L’antoinisme, religion pure belge
Au début du XXe siècle, un mineur liégeois nommé Antoine fonde la seule et unique religion belge : l’antoinisme. Son culte, aujourd’hui en déclin, a pourtant eu des milliers de fidèles… Ce samedi à 22h25, La Trois diffuse un documentaire intitulé «Antoine le Guérisseur».
Jemeppe-sur-Meuse, 15 août 1910. Louis-Joseph Antoine (1846-1912), auto-proclamé «Le Père», sanctifie le premier temple dédié à sa religion. Avec sa longue lévite noire et sa barbe blanche noyée sous une abondante chevelure, il évoque un patriarche de la Bible. Une foule de dévots se presse au pied de la chaire pour boire ses paroles : «Quoi qu’il vous arrive, je serai avec vous pour sanctifier votre épreuve.» Par quel miracle ce fils d’ouvriers wallons est-il devenu un guérisseur réputé ?

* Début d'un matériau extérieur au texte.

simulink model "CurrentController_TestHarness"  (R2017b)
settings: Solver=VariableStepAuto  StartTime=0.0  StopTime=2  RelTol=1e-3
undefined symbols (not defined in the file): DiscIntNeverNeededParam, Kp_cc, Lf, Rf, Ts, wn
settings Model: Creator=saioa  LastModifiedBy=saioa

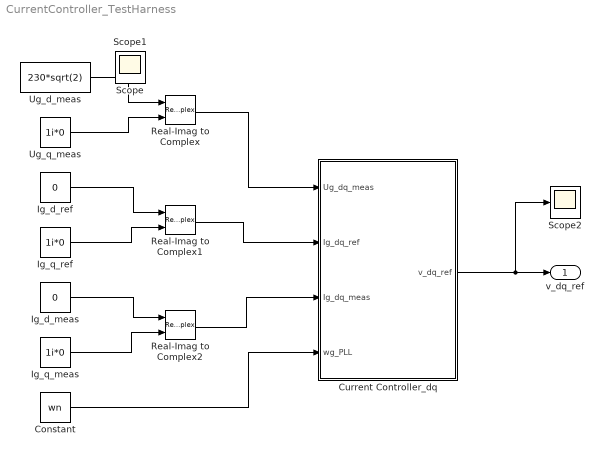
== system CurrentController_TestHarness ==
  Constant : Constant  Value=wn
  Current Controller_dq : Subsystem
  Ig_d_meas : Constant  Value=0
  Ig_d_ref : Constant  Value=0
  Ig_q_meas : Constant  Value=1i*0
  Ig_q_ref : Constant  Value=1i*0
  Real-Imag to Complex : RealImagToComplex
  Real-Imag to Complex1 : RealImagToComplex
  Real-Imag to Complex2 : RealImagToComplex
  Scope2 : Scope
  Ug_d_meas : Constant  Value=230*sqrt(2)
  Ug_q_meas : Constant  Value=1i*0
  v_dq_ref : Outport
  Scope : Scope
  Scope1 : Scope
  wires:
  Real-Imag to Complex2/1 -> Current Controller_dq/3(Ig_dq_meas)
  Real-Imag to Complex1/1 -> Current Controller_dq/2(Ig_dq_ref)
  Current Controller_dq/1(v_dq_ref) -> Scope2/1, v_dq_ref/1
  Real-Imag to Complex/1 -> Current Controller_dq/1(Ug_dq_meas)
  Ug_d_meas/1 -> Real-Imag to Complex/1
  Ug_q_meas/1 -> Real-Imag to Complex/2
  Ig_d_ref/1 -> Real-Imag to Complex1/1
  Ig_q_ref/1 -> Real-Imag to Complex1/2
  Ig_d_meas/1 -> Real-Imag to Complex2/1
  Ig_q_meas/1 -> Real-Imag to Complex2/2
  Constant/1 -> Current Controller_dq/4(wg_PLL)

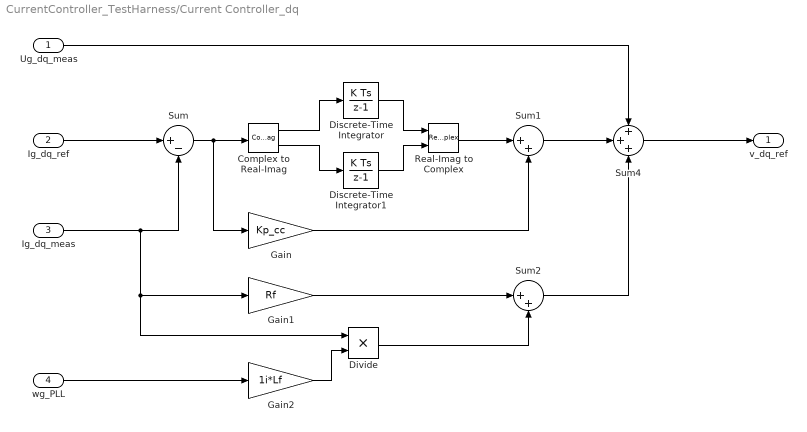
== system CurrentController_TestHarness/Current Controller_dq ==
  Ug_dq_meas : Inport
  Ig_dq_ref : Inport  Port=2
  Ig_dq_meas : Inport  Port=3
  wg_PLL : Inport  Port=4
  Complex to Real-Imag : ComplexToRealImag
  Discrete-Time Integrator : DiscreteIntegrator  gainval=Ki_cc  InitialConditionSetting=State (most efficient)  SampleTime=Ts  ICPrevOutput=DiscIntNeverNeededParam  ICPrevScaledInput=DiscIntNeverNeededParam
  Discrete-Time Integrator1 : DiscreteIntegrator  gainval=Ki_cc  InitialConditionSetting=State (most efficient)  SampleTime=Ts  ICPrevOutput=DiscIntNeverNeededParam  ICPrevScaledInput=DiscIntNeverNeededParam
  Divide : Product  Inputs=**
  Gain : Gain  Gain=Kp_cc
  Gain1 : Gain  Gain=Rf
  Gain2 : Gain  Gain=1i*Lf
  Real-Imag to Complex : RealImagToComplex
  Sum : Sum  Inputs=|+-
  Sum1 : Sum  Inputs=|++
  Sum2 : Sum  Inputs=|++
  Sum4 : Sum  Inputs=+++  SaturateOnIntegerOverflow=on  InputSameDT=on  OutDataTypeStr=Inherit: Same as first input
  v_dq_ref : Outport
  wires:
  Ig_dq_meas/1 -> Gain1/1, Divide/1, Sum/2
  Sum/1 -> Gain/1, Complex to Real-Imag/1
  Ig_dq_ref/1 -> Sum/1
  Discrete-Time Integrator1/1 -> Real-Imag to Complex/2
  wg_PLL/1 -> Gain2/1
  Gain/1 -> Sum1/2
  Complex to Real-Imag/2 -> Discrete-Time Integrator1/1
  Discrete-Time Integrator/1 -> Real-Imag to Complex/1
  Real-Imag to Complex/1 -> Sum1/1
  Complex to Real-Imag/1 -> Discrete-Time Integrator/1
  Sum1/1 -> Sum4/2
  Sum2/1 -> Sum4/3
  Divide/1 -> Sum2/2
  Ug_dq_meas/1 -> Sum4/1
  Sum4/1 -> v_dq_ref/1
  Gain2/1 -> Divide/2
  Gain1/1 -> Sum2/1

Dès l’enfance, Antoine montre une grande ferveur religieuse. Élevé dans une pauvre famille catholique, il suit son père dans la mine de Flémalle. À 12 ans, il reçoit un «signe divin» : sa lampe de mineur s’éteint ! Il quitte le charbon pour la métallurgie à Seraing. Cependant, la guerre franco-allemande de 1870 chamboule son destin : enrôlé, il tue accidentellement un camarade… Ce qui l’amène à s’interroger sur le sens profond de la vie.
Spiritisme
Il trouve ses réponses dans… le spiritisme, qui devient sa nouvelle passion. Avec son épouse, Catherine Castille, ils fréquentent assidument les réunions spirites. Jusqu’à la mort de leur fils, 20 ans, de constitution fragile. Antoine s’enfonce alors dans l’occultisme et organise ses propres séances à son domicile. Lors de l’une d’elle, lui apparaît le spectre de son défunt fils devenu… «pharmacien à Paris» – la réincarnation faisant partie de la croyance antoiniste.
Considérant la santé comme «le plus grand des biens terrestres», il se découvre… des dons de guérisseur ! Les malades affluent chez lui par centaines. Sa technique consiste à manipuler les «fluides» (pensées) en les «restaurant par la foi». Celui que l’on surnomme alors «le guérisseur de Jemeppe» devient l’alternative au catholicisme et à la médecine traditionnelle. Ce qui lui vaut des ennuis judiciaires. Accusé d’«exercice illégal de la médecine», il plaide non coupable en 1900, déclarant n’avoir «jamais prescrit de médicaments ni découragé ses fidèles à consulter un professionnel». Il sera acquitté.
Nouveau procès en 1906. Des soupçons de dérive sectaire pèsent sur sa doctrine. En France, elle fut d’ailleurs classée comme telle en 1995 avant d’être invalidée par une circulaire en 2005. À la barre, ses «miraculés» le soutiennent : «Son culte ne pratique pas le prosélytisme, est gratuit et financé par des dons anonymes».
Chez nous, l’antoinisme sera reconnu en 1922 grâce à son épouse Catherine, qui alla jusqu’à écrire une lettre au roi Albert Ier pour obtenir son soutien. À sa mort en 1912 – sa «désincarnation» pour les adeptes –, la veuve structure le culte basé sur… les écrits de son époux. Mais, sur les quelque 300.000 sympathisants belges qui emplissaient les temples dans les années 1920 – sans compter en France, au Congo et au Brésil ! –, ils ne seraient plus que 200.
Pas de quoi décourager le frère René Balthazar, membre à Jemeppe : «Ce qui compte, ce n’est pas le nombre d’adeptes, mais la quantité de fluide qui circule.» Un optimisme… qui ne coule pas forcément de source.